- _How to complete this task_: The records below are to be copied word for word, with every picture left out.

Stored dataset items
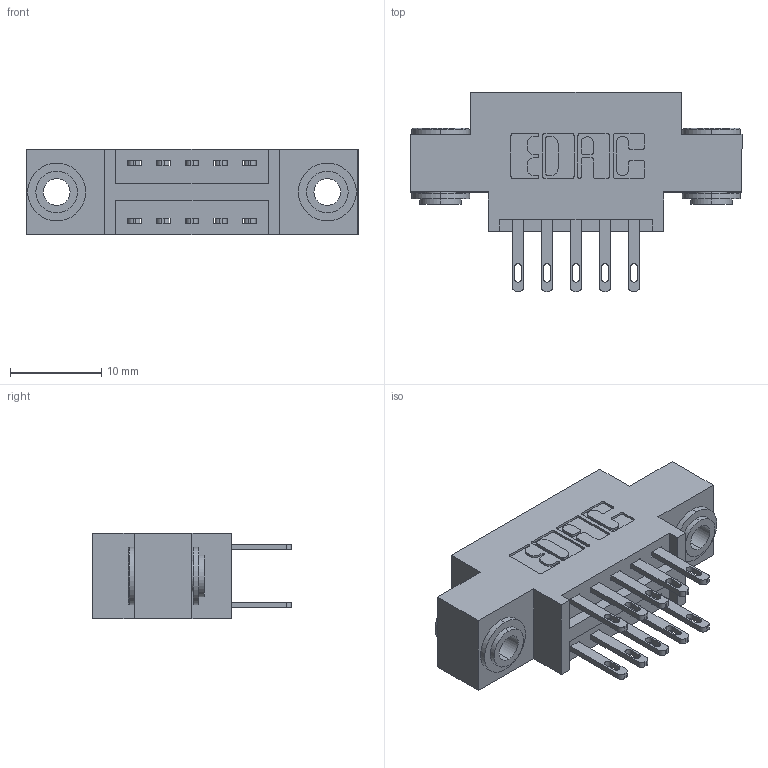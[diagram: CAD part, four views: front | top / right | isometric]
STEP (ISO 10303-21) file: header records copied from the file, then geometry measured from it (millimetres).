
FILE_DESCRIPTION (( 'STEP AP203' ), '1' );
FILE_NAME ('346-010-500-803.STEP', '2022-05-17T16:26:34', ( '' ), ( '' ), 'SwSTEP 2.0', 'SolidWorks 2020', '' );
FILE_SCHEMA (( 'CONFIG_CONTROL_DESIGN' ));
Length unit declared in the file: inch
Products named in the file (4): 345-250-002_345-250-002-102; 345-292-001_345-293-100; 346-010-500-803; 346 Part_0.170 Offset - 0.156 Dia-TH
Assembly tree (13 placements, depth 2):
  346-010-500-803
    346 Part_0.170 Offset - 0.156 Dia-TH
    345-292-001_345-293-100  x10
    345-250-002_345-250-002-102  x2
Bounding box: 36.45 x 21.84 x 9.4 mm (x, y, z)
Volume: 3144.1 mm3; surface area: 4273.2 mm2
Topology: 13 solids, 13 shells, 658 faces, 1923 edges, 1278 vertices
Faces by surface type: plane 394, cylinder 256, cone 8
Entity records: 9372 total; most frequent: CARTESIAN_POINT 1577, ORIENTED_EDGE 1502, DIRECTION 1473, EDGE_CURVE 751, LINE 571, VECTOR 571, VERTEX_POINT 498, AXIS2_PLACEMENT_3D 451
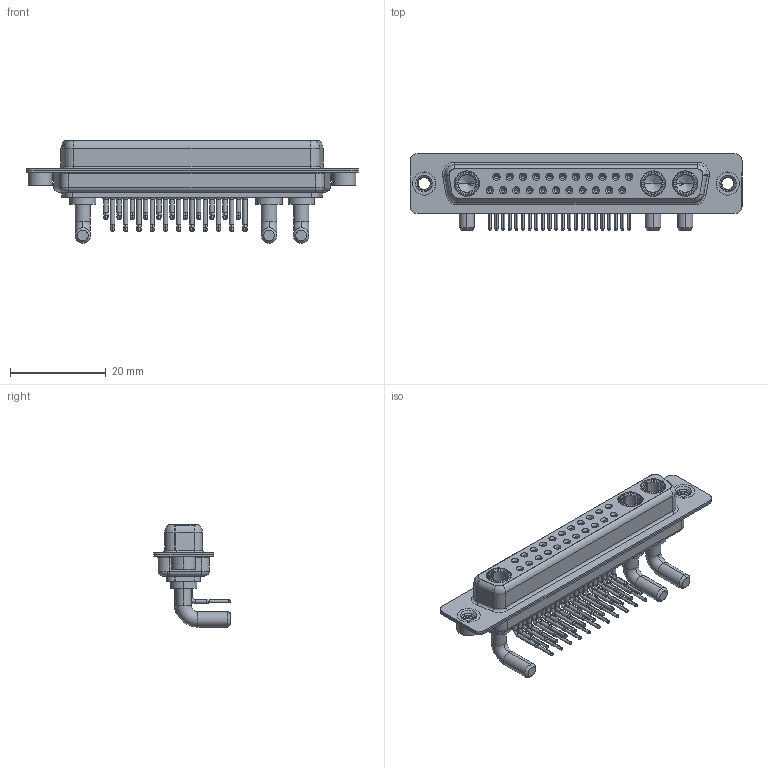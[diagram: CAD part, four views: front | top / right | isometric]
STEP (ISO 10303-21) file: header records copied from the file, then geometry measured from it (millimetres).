
FILE_DESCRIPTION (( 'STEP AP203' ), '1' );
FILE_NAME ('630-25W3240-3TA.STEP', '2022-06-07T03:00:47', ( '' ), ( '' ), 'SwSTEP 2.0', 'SolidWorks 2020', '' );
FILE_SCHEMA (( 'CONFIG_CONTROL_DESIGN' ));
Length unit declared in the file: millimetre
Products named in the file (8): 630Combo Housing_25W3; 630-25W3240-3TA; 630Combo Contact Row 2; 630Combo Shell Front_37 Contacts; 630Combo Shell Rear_37 Contacts; 630Combo Contact Row 1; 630Combo Threaded Rivet_A; Power Socket_30A RA
Assembly tree (30 placements, depth 2):
  630-25W3240-3TA
    630Combo Housing_25W3
    630Combo Shell Front_37 Contacts
    630Combo Shell Rear_37 Contacts
    630Combo Threaded Rivet_A  x2
    Power Socket_30A RA  x3
    630Combo Contact Row 1  x11
    630Combo Contact Row 2  x11
Bounding box: 69.4 x 16 x 21.4 mm (x, y, z)
Volume: 5753.5 mm3; surface area: 12774 mm2
Topology: 33 solids, 33 shells, 1673 faces, 4259 edges, 2688 vertices
Faces by surface type: cylinder 716, plane 484, cone 301, bspline 97, torus 75
Entity records: 23725 total; most frequent: CARTESIAN_POINT 5477, DIRECTION 3838, ORIENTED_EDGE 3290, EDGE_CURVE 1645, AXIS2_PLACEMENT_3D 1602, VERTEX_POINT 1050, CIRCLE 884, EDGE_LOOP 847
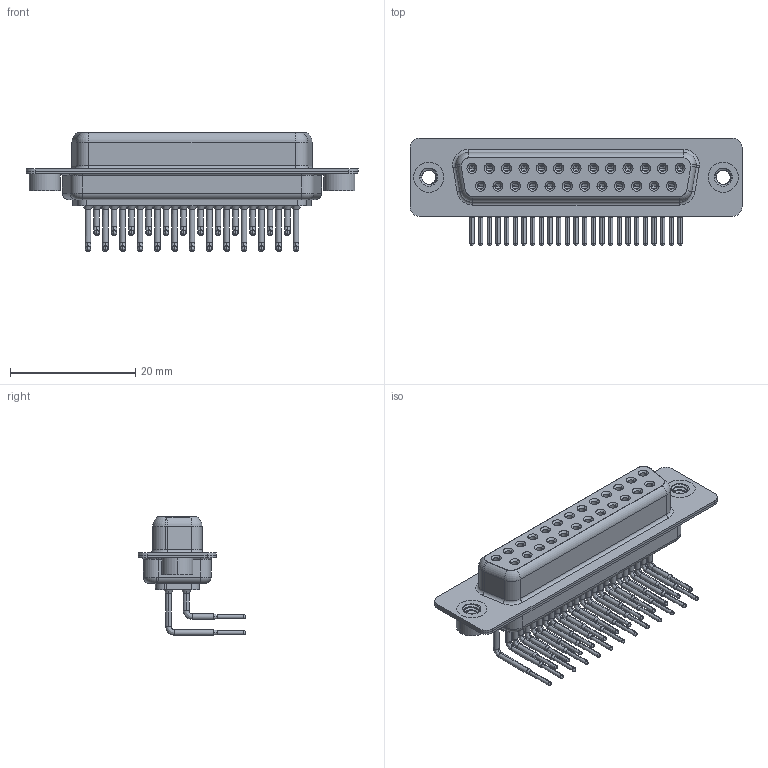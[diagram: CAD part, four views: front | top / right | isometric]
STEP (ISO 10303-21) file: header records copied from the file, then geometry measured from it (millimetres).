
FILE_DESCRIPTION (( 'STEP AP203' ), '1' );
FILE_NAME ('630-M25-640-WT2.STEP', '2018-09-26T02:53:45', ( '' ), ( '' ), 'SwSTEP 2.0', 'SolidWorks 2016', '' );
FILE_SCHEMA (( 'CONFIG_CONTROL_DESIGN' ));
Length unit declared in the file: millimetre
Products named in the file (7): 630M Shell Rear_25 Contacts; 630M Contact Row 1; 630M Contact Row 2; 630M 4-40 Threaded Rivet; 630-M25-640-WT2; 630M Housing_25 Contacts; 630M Shell Front_25 Contacts
Assembly tree (30 placements, depth 2):
  630-M25-640-WT2
    630M Housing_25 Contacts
    630M Shell Front_25 Contacts
    630M Shell Rear_25 Contacts
    630M Contact Row 1  x13
    630M Contact Row 2  x12
    630M 4-40 Threaded Rivet  x2
Bounding box: 53.05 x 17.2 x 18.99 mm (x, y, z)
Volume: 3898.1 mm3; surface area: 9728.5 mm2
Topology: 30 solids, 30 shells, 1604 faces, 4062 edges, 2554 vertices
Faces by surface type: cylinder 712, plane 442, cone 281, bspline 106, torus 63
Entity records: 21982 total; most frequent: CARTESIAN_POINT 5009, DIRECTION 3599, ORIENTED_EDGE 3022, EDGE_CURVE 1511, AXIS2_PLACEMENT_3D 1510, VERTEX_POINT 960, CIRCLE 837, EDGE_LOOP 803

- _Task output_:
[diagram: CAD part, four views: front | top / right | isometric]
STEP (ISO 10303-21) file: header records copied from the file, then geometry measured from it (millimetres).
FILE_DESCRIPTION (( 'STEP AP203' ), '1' );
FILE_NAME ('346-010-500-803.STEP', '2022-05-17T16:26:34', ( '' ), ( '' ), 'SwSTEP 2.0', 'SolidWorks 2020', '' );
FILE_SCHEMA (( 'CONFIG_CONTROL_DESIGN' ));
Length unit declared in the file: inch
Products named in the file (4): 345-250-002_345-250-002-102; 345-292-001_345-293-100; 346-010-500-803; 346 Part_0.170 Offset - 0.156 Dia-TH
Assembly tree (13 placements, depth 2):
  346-010-500-803
    346 Part_0.170 Offset - 0.156 Dia-TH
    345-292-001_345-293-100  x10
    345-250-002_345-250-002-102  x2
Bounding box: 36.45 x 21.84 x 9.4 mm (x, y, z)
Volume: 3144.1 mm3; surface area: 4273.2 mm2
Topology: 13 solids, 13 shells, 658 faces, 1923 edges, 1278 vertices
Faces by surface type: plane 394, cylinder 256, cone 8
Entity records: 9372 total; most frequent: CARTESIAN_POINT 1577, ORIENTED_EDGE 1502, DIRECTION 1473, EDGE_CURVE 751, LINE 571, VECTOR 571, VERTEX_POINT 498, AXIS2_PLACEMENT_3D 451
[diagram: CAD part, four views: front | top / right | isometric]
STEP (ISO 10303-21) file: header records copied from the file, then geometry measured from it (millimetres).
FILE_DESCRIPTION (( 'STEP AP203' ), '1' );
FILE_NAME ('630-25W3240-3TA.STEP', '2022-06-07T03:00:47', ( '' ), ( '' ), 'SwSTEP 2.0', 'SolidWorks 2020', '' );
FILE_SCHEMA (( 'CONFIG_CONTROL_DESIGN' ));
Length unit declared in the file: millimetre
Products named in the file (8): 630Combo Housing_25W3; 630-25W3240-3TA; 630Combo Contact Row 2; 630Combo Shell Front_37 Contacts; 630Combo Shell Rear_37 Contacts; 630Combo Contact Row 1; 630Combo Threaded Rivet_A; Power Socket_30A RA
Assembly tree (30 placements, depth 2):
  630-25W3240-3TA
    630Combo Housing_25W3
    630Combo Shell Front_37 Contacts
    630Combo Shell Rear_37 Contacts
    630Combo Threaded Rivet_A  x2
    Power Socket_30A RA  x3
    630Combo Contact Row 1  x11
    630Combo Contact Row 2  x11
Bounding box: 69.4 x 16 x 21.4 mm (x, y, z)
Volume: 5753.5 mm3; surface area: 12774 mm2
Topology: 33 solids, 33 shells, 1673 faces, 4259 edges, 2688 vertices
Faces by surface type: cylinder 716, plane 484, cone 301, bspline 97, torus 75
Entity records: 23725 total; most frequent: CARTESIAN_POINT 5477, DIRECTION 3838, ORIENTED_EDGE 3290, EDGE_CURVE 1645, AXIS2_PLACEMENT_3D 1602, VERTEX_POINT 1050, CIRCLE 884, EDGE_LOOP 847
[diagram: CAD part, four views: front | top / right | isometric]
STEP (ISO 10303-21) file: header records copied from the file, then geometry measured from it (millimetres).
FILE_DESCRIPTION (( 'STEP AP203' ), '1' );
FILE_NAME ('630-M25-640-WT2.STEP', '2018-09-26T02:53:45', ( '' ), ( '' ), 'SwSTEP 2.0', 'SolidWorks 2016', '' );
FILE_SCHEMA (( 'CONFIG_CONTROL_DESIGN' ));
Length unit declared in the file: millimetre
Products named in the file (7): 630M Shell Rear_25 Contacts; 630M Contact Row 1; 630M Contact Row 2; 630M 4-40 Threaded Rivet; 630-M25-640-WT2; 630M Housing_25 Contacts; 630M Shell Front_25 Contacts
Assembly tree (30 placements, depth 2):
  630-M25-640-WT2
    630M Housing_25 Contacts
    630M Shell Front_25 Contacts
    630M Shell Rear_25 Contacts
    630M Contact Row 1  x13
    630M Contact Row 2  x12
    630M 4-40 Threaded Rivet  x2
Bounding box: 53.05 x 17.2 x 18.99 mm (x, y, z)
Volume: 3898.1 mm3; surface area: 9728.5 mm2
Topology: 30 solids, 30 shells, 1604 faces, 4062 edges, 2554 vertices
Faces by surface type: cylinder 712, plane 442, cone 281, bspline 106, torus 63
Entity records: 21982 total; most frequent: CARTESIAN_POINT 5009, DIRECTION 3599, ORIENTED_EDGE 3022, EDGE_CURVE 1511, AXIS2_PLACEMENT_3D 1510, VERTEX_POINT 960, CIRCLE 837, EDGE_LOOP 803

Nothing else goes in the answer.